PPARγ is not required for the inhibitory actions of PGJ2 on cytokine signaling in pancreatic β-cells

Peroxisome proliferator-activated receptor (PPAR)gamma agonists, such as 15-deoxy-Delta(12,14)-prostaglandin J(2) (PGJ(2)) and troglitazone. have been shown to elicit anti-inflammatory effects in pancreatic P-cells that include inhibition of cytokine-stimulated inducible nitric oxide synthase (iNOS) gene expression and production of nitric oxide. In addition, these ligands impair IL-1-induced NF-kappaB and MAPK as well as IFN-gamma-stimulated signal transducer and activator of transcription (STAT)1 activation in beta-cells. The purpose of this study was to determine if PPARgamma activation participates in the anti-inflammatory actions of PGJ(2) in beta-cells.

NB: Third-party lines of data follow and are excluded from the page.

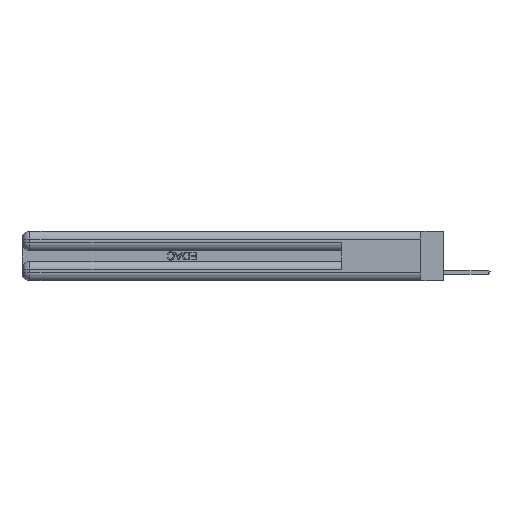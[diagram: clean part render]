
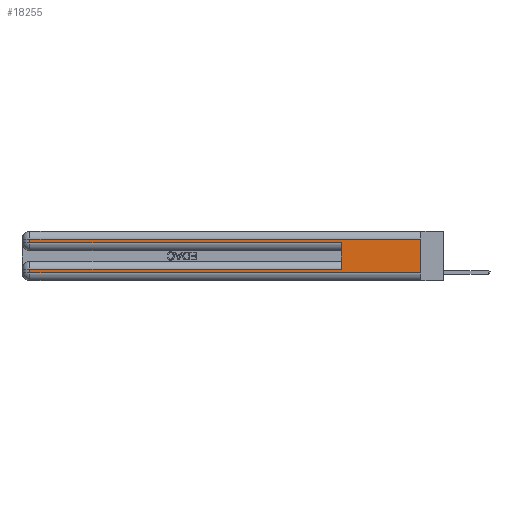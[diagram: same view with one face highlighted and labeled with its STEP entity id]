
A CAD part, left-side view. The second image highlights one B-rep face of the part: STEP entity #18255.
In plain terms, the highlighted planar face has unit normal (-1, 0, 0).
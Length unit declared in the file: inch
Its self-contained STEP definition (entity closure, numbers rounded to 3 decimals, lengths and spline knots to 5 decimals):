
#222 = CARTESIAN_POINT ( 'NONE',  ( 0., 2.94, 0.37 ) ) ;
#349 = ORIENTED_EDGE ( 'NONE', *, *, #33923, .T. ) ;
#2299 = CARTESIAN_POINT ( 'NONE',  ( 0., 0., 0.085 ) ) ;
#2377 = CARTESIAN_POINT ( 'NONE',  ( 0., 0., 0.37 ) ) ;
#2935 = VERTEX_POINT ( 'NONE', #15485 ) ;
#3724 = DIRECTION ( 'NONE',  ( 0., 0., -1. ) ) ;
#4738 = CARTESIAN_POINT ( 'NONE',  ( 0., 0., 0.285 ) ) ;
#4824 = EDGE_CURVE ( 'NONE', #15919, #32992, #10326, .T. ) ;
#5167 = CARTESIAN_POINT ( 'NONE',  ( 0., 0., 0.31 ) ) ;
#5557 = VECTOR ( 'NONE', #19449, 39.37008 ) ;
#6404 = CARTESIAN_POINT ( 'NONE',  ( 0., 2.94, 0.06 ) ) ;
#6551 = VERTEX_POINT ( 'NONE', #8174 ) ;
#7744 = VECTOR ( 'NONE', #27123, 39.37008 ) ;
#8061 = DIRECTION ( 'NONE',  ( 0., 0., 1. ) ) ;
#8174 = CARTESIAN_POINT ( 'NONE',  ( 0., 0., 0.31 ) ) ;
#8249 = EDGE_CURVE ( 'NONE', #6551, #29962, #24491, .T. ) ;
#10010 = VERTEX_POINT ( 'NONE', #24476 ) ;
#10326 = LINE ( 'NONE', #21092, #18658 ) ;
#12530 = EDGE_CURVE ( 'NONE', #6551, #10010, #14150, .T. ) ;
#12691 = VECTOR ( 'NONE', #19632, 39.37008 ) ;
#12902 = DIRECTION ( 'NONE',  ( 0., 0., -1. ) ) ;
#14150 = LINE ( 'NONE', #27508, #5557 ) ;
#15485 = CARTESIAN_POINT ( 'NONE',  ( 0., 2.94, 0.085 ) ) ;
#15919 = VERTEX_POINT ( 'NONE', #32063 ) ;
#16023 = VECTOR ( 'NONE', #12902, 39.37008 ) ;
#17411 = DIRECTION ( 'NONE',  ( 0., -1., 0. ) ) ;
#18143 = LINE ( 'NONE', #2299, #32736 ) ;
#18255 = ADVANCED_FACE ( 'NONE', ( #26447 ), #26796, .F. ) ;
#18301 = ORIENTED_EDGE ( 'NONE', *, *, #12530, .F. ) ;
#18658 = VECTOR ( 'NONE', #8061, 39.37008 ) ;
#19115 = CARTESIAN_POINT ( 'NONE',  ( 0., 0., 0.06 ) ) ;
#19449 = DIRECTION ( 'NONE',  ( 0., 0., -1. ) ) ;
#19632 = DIRECTION ( 'NONE',  ( 0., -1., 0. ) ) ;
#20088 = EDGE_CURVE ( 'NONE', #2935, #27698, #24308, .T. ) ;
#20417 = EDGE_CURVE ( 'NONE', #15919, #2935, #18143, .T. ) ;
#21092 = CARTESIAN_POINT ( 'NONE',  ( 0., 0.6, 0.145 ) ) ;
#21296 = DIRECTION ( 'NONE',  ( 0., 1., 0. ) ) ;
#21613 = CARTESIAN_POINT ( 'NONE',  ( 0., 0.6, 0.285 ) ) ;
#21623 = ORIENTED_EDGE ( 'NONE', *, *, #20417, .T. ) ;
#23345 = VECTOR ( 'NONE', #17411, 39.37008 ) ;
#23715 = LINE ( 'NONE', #4738, #23345 ) ;
#24155 = CARTESIAN_POINT ( 'NONE',  ( 0., 2.94, 0.31 ) ) ;
#24308 = LINE ( 'NONE', #222, #32131 ) ;
#24476 = CARTESIAN_POINT ( 'NONE',  ( 0., 0., 0.06 ) ) ;
#24491 = LINE ( 'NONE', #5167, #7744 ) ;
#24582 = VERTEX_POINT ( 'NONE', #33837 ) ;
#25947 = AXIS2_PLACEMENT_3D ( 'NONE', #2377, #31557, #34375 ) ;
#26261 = CARTESIAN_POINT ( 'NONE',  ( 0., 2.94, 0.37 ) ) ;
#26447 = FACE_OUTER_BOUND ( 'NONE', #31650, .T. ) ;
#26621 = LINE ( 'NONE', #26261, #16023 ) ;
#26679 = ORIENTED_EDGE ( 'NONE', *, *, #8249, .T. ) ;
#26796 = PLANE ( 'NONE',  #25947 ) ;
#27123 = DIRECTION ( 'NONE',  ( 0., 1., 0. ) ) ;
#27508 = CARTESIAN_POINT ( 'NONE',  ( 0., 0., 0.37 ) ) ;
#27698 = VERTEX_POINT ( 'NONE', #6404 ) ;
#28962 = ORIENTED_EDGE ( 'NONE', *, *, #34451, .T. ) ;
#29652 = ORIENTED_EDGE ( 'NONE', *, *, #4824, .F. ) ;
#29962 = VERTEX_POINT ( 'NONE', #24155 ) ;
#31146 = EDGE_CURVE ( 'NONE', #29962, #24582, #26621, .T. ) ;
#31557 = DIRECTION ( 'NONE',  ( 1., 0., 0. ) ) ;
#31650 = EDGE_LOOP ( 'NONE', ( #18301, #26679, #33938, #349, #29652, #21623, #32426, #28962 ) ) ;
#32063 = CARTESIAN_POINT ( 'NONE',  ( 0., 0.6, 0.085 ) ) ;
#32131 = VECTOR ( 'NONE', #3724, 39.37008 ) ;
#32426 = ORIENTED_EDGE ( 'NONE', *, *, #20088, .T. ) ;
#32454 = LINE ( 'NONE', #19115, #12691 ) ;
#32736 = VECTOR ( 'NONE', #21296, 39.37008 ) ;
#32992 = VERTEX_POINT ( 'NONE', #21613 ) ;
#33837 = CARTESIAN_POINT ( 'NONE',  ( 0., 2.94, 0.285 ) ) ;
#33923 = EDGE_CURVE ( 'NONE', #24582, #32992, #23715, .T. ) ;
#33938 = ORIENTED_EDGE ( 'NONE', *, *, #31146, .T. ) ;
#34375 = DIRECTION ( 'NONE',  ( 0., 0., -1. ) ) ;
#34451 = EDGE_CURVE ( 'NONE', #27698, #10010, #32454, .T. ) ;

Pretreatment of RINm5F cells for 6 h with PGJ(2) results in inhibition of IL-1-stimulated IkappaB degradation and IFN-gamma-stimulated STATI phosphorylation. Overexpression of a dominant-negative (dn) PPARgamma mutant or treatment with the PPARgamma antagonist GW-9662 does not modulate the inhibitory actions of PGJ(2) on cytokine signaling in RINm5F cells. Although these agents fail to attenuate the inhibitory actions of PGJ(2) on cytokine signaling, they do inhibit PGJ(2)-stimulated PPARgamma response element reporter activity. Consistent with the inability to attenuate the inhibitory actions of PGJ(2) on cytokine signaling, neither dnPPARgamma nor GW-9662 prevents the inhibitory actions of PGJ(2) on IL-1-stimulated iNOS gene expression or nitric oxide production by RINm5F cells. These findings support a PPARgamma-independent mechanism by which PPARgamma ligands impair cytokine signaling and iNOS expression by islets.